### WHAT TO WORK ON
Would you copy all lines in the data that contain the word "CityJSON"?

### DATA PROVIDED
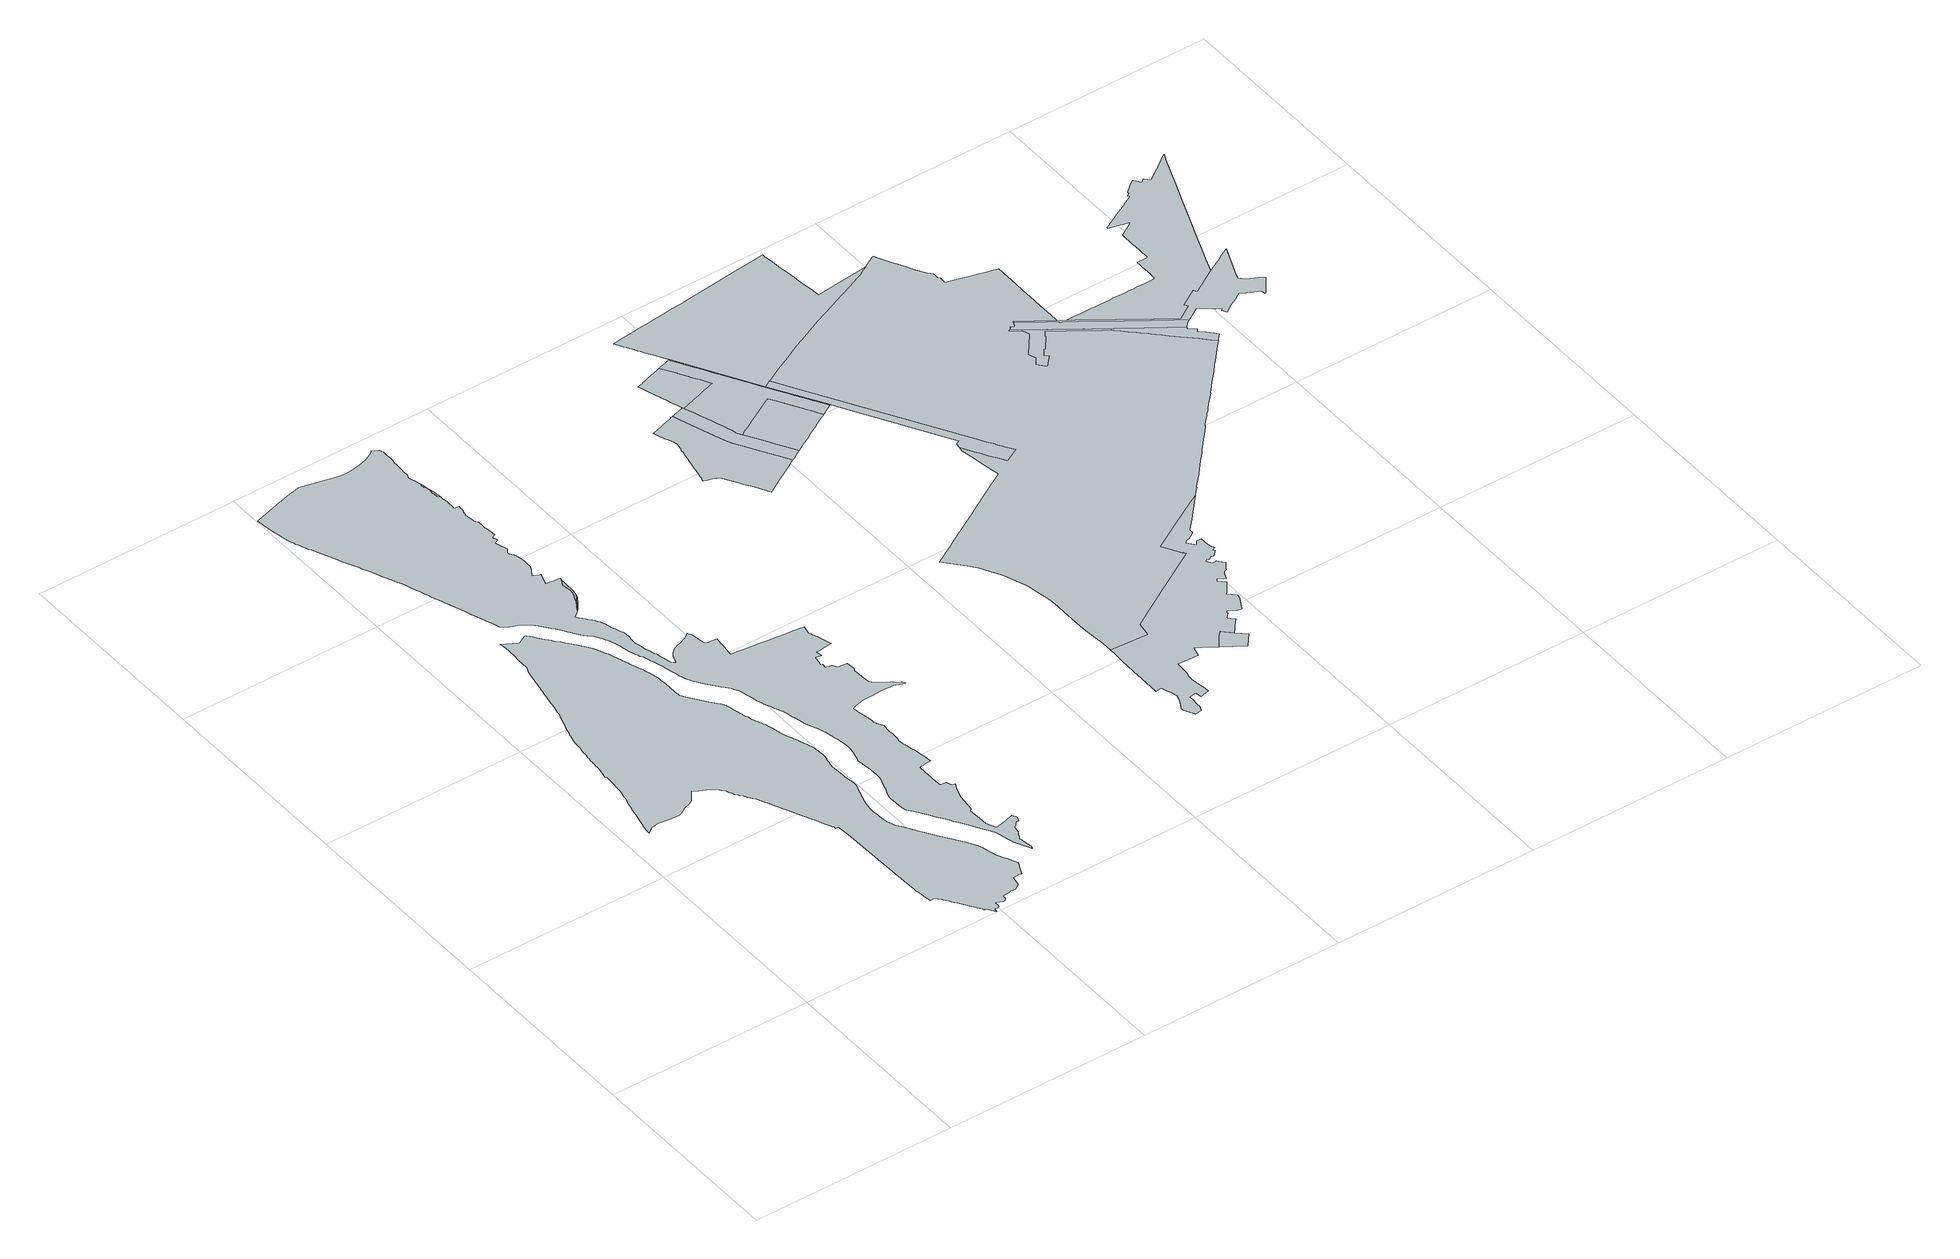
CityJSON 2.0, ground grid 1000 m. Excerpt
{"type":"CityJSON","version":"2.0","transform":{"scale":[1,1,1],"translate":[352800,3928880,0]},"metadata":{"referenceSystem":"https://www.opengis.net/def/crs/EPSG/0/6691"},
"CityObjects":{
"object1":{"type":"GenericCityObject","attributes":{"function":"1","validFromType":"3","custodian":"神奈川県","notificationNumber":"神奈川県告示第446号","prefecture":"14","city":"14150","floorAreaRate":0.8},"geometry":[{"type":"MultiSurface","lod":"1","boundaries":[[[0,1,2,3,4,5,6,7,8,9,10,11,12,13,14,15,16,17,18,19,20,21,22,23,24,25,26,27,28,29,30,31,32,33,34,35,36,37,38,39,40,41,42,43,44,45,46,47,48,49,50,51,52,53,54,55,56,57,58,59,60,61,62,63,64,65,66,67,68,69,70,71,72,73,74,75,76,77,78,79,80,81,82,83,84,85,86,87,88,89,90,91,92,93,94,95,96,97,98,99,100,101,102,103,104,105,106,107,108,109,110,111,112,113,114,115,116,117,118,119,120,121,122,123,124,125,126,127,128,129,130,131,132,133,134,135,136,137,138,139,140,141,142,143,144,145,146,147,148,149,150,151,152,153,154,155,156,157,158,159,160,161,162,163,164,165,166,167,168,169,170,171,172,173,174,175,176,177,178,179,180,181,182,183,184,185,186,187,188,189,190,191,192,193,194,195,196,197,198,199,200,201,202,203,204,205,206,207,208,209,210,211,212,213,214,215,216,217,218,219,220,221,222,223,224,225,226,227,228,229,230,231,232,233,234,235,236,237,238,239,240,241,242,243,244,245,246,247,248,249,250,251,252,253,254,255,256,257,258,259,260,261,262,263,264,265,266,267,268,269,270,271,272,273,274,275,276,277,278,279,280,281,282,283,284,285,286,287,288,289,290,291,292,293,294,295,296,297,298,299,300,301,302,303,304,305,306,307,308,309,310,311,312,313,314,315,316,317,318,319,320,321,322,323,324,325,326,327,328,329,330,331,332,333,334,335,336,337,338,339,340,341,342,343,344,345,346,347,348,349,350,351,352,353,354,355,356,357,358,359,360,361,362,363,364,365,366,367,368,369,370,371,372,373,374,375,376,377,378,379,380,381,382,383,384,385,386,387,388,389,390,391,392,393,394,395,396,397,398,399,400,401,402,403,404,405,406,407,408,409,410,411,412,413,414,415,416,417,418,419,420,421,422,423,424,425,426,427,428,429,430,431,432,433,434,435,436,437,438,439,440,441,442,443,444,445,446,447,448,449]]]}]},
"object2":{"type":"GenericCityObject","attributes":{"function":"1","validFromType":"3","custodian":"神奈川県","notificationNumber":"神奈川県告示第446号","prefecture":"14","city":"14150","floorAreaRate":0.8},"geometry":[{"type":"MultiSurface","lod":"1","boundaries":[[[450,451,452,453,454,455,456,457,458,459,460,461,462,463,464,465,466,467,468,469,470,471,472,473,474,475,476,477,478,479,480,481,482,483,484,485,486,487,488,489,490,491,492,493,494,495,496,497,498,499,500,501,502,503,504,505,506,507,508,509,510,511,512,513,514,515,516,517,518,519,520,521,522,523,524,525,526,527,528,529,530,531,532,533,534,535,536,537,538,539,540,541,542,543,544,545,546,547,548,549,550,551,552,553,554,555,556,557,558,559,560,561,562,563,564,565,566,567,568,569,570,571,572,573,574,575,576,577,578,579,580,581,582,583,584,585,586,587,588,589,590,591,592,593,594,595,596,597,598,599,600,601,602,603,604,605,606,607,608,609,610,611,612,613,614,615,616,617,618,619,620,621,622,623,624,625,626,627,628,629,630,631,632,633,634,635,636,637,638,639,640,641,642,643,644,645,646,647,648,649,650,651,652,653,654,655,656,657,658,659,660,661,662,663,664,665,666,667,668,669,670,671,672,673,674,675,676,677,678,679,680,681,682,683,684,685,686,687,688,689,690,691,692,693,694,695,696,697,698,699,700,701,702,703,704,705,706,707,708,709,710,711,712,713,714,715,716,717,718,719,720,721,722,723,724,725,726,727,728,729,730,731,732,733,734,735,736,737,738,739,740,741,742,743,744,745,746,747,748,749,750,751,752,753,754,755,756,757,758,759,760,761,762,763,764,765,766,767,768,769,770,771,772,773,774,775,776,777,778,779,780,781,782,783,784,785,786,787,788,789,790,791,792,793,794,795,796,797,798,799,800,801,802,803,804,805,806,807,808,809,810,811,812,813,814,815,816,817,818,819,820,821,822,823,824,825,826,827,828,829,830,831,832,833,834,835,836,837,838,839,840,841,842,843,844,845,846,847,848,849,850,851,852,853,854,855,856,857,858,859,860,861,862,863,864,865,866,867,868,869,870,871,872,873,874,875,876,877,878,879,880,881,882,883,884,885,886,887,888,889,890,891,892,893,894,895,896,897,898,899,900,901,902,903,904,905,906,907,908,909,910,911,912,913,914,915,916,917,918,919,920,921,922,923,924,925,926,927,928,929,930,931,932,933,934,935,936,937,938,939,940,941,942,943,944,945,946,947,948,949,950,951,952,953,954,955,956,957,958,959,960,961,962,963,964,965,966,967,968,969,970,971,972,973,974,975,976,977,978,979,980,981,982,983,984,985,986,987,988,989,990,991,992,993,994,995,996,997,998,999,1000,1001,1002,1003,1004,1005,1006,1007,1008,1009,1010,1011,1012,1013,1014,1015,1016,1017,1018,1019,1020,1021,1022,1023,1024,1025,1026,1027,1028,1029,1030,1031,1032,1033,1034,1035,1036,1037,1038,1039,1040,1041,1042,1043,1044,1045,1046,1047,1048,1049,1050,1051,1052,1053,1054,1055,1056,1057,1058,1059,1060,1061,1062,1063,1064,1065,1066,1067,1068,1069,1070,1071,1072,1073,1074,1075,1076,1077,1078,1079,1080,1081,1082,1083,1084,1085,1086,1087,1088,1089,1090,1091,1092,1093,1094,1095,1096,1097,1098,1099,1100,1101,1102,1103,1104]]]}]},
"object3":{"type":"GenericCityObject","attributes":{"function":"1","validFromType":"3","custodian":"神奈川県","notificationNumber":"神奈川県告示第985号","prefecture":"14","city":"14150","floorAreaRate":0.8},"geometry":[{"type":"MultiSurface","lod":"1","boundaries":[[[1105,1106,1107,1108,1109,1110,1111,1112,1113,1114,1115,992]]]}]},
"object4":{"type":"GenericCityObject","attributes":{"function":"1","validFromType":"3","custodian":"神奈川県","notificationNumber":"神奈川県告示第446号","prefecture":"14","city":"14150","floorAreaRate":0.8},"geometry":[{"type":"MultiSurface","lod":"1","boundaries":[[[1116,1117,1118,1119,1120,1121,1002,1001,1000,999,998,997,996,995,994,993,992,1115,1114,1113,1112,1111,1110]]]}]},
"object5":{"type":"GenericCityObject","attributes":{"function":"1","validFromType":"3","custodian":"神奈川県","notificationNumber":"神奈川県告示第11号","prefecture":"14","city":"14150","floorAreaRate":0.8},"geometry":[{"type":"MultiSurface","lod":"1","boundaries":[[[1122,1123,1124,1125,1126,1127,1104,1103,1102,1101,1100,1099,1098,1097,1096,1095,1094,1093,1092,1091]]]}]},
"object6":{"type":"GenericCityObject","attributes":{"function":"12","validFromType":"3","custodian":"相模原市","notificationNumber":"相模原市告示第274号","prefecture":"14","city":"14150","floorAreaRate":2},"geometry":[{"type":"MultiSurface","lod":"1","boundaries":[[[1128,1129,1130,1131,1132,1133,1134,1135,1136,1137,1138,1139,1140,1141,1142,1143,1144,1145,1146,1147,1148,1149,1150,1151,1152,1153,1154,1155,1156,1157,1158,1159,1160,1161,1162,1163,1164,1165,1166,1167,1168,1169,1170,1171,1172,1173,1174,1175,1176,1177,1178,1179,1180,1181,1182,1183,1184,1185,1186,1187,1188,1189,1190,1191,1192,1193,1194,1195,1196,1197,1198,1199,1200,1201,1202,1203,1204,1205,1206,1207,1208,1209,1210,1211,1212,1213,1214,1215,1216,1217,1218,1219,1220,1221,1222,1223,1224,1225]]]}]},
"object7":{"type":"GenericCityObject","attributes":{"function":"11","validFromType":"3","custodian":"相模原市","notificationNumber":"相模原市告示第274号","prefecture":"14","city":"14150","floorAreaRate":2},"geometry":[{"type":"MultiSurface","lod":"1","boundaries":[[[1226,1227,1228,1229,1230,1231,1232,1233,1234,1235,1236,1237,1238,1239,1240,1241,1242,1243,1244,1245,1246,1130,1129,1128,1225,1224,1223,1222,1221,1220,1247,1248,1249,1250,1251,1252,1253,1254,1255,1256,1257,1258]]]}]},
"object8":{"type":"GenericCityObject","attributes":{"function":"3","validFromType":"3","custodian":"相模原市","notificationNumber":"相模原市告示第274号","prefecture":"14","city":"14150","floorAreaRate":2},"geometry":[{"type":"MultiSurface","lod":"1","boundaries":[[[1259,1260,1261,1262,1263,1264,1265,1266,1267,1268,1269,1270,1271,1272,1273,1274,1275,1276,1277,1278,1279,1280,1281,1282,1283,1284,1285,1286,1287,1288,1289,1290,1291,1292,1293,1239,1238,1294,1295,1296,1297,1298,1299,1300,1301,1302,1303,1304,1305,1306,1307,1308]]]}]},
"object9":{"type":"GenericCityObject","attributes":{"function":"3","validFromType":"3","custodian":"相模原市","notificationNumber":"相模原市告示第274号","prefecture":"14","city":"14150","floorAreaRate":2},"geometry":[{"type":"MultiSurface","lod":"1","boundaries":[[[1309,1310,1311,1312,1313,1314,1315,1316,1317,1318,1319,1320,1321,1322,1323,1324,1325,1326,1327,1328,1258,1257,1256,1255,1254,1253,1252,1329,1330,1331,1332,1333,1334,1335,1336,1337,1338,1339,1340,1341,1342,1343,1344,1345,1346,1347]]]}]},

### SOLUTION TO THE EXERCISE
CityJSON 2.0, ground grid 1000 m. Excerpt
{"type":"CityJSON","version":"2.0","transform":{"scale":[1,1,1],"translate":[352800,3928880,0]},"metadata":{"referenceSystem":"https://www.opengis.net/def/crs/EPSG/0/6691"},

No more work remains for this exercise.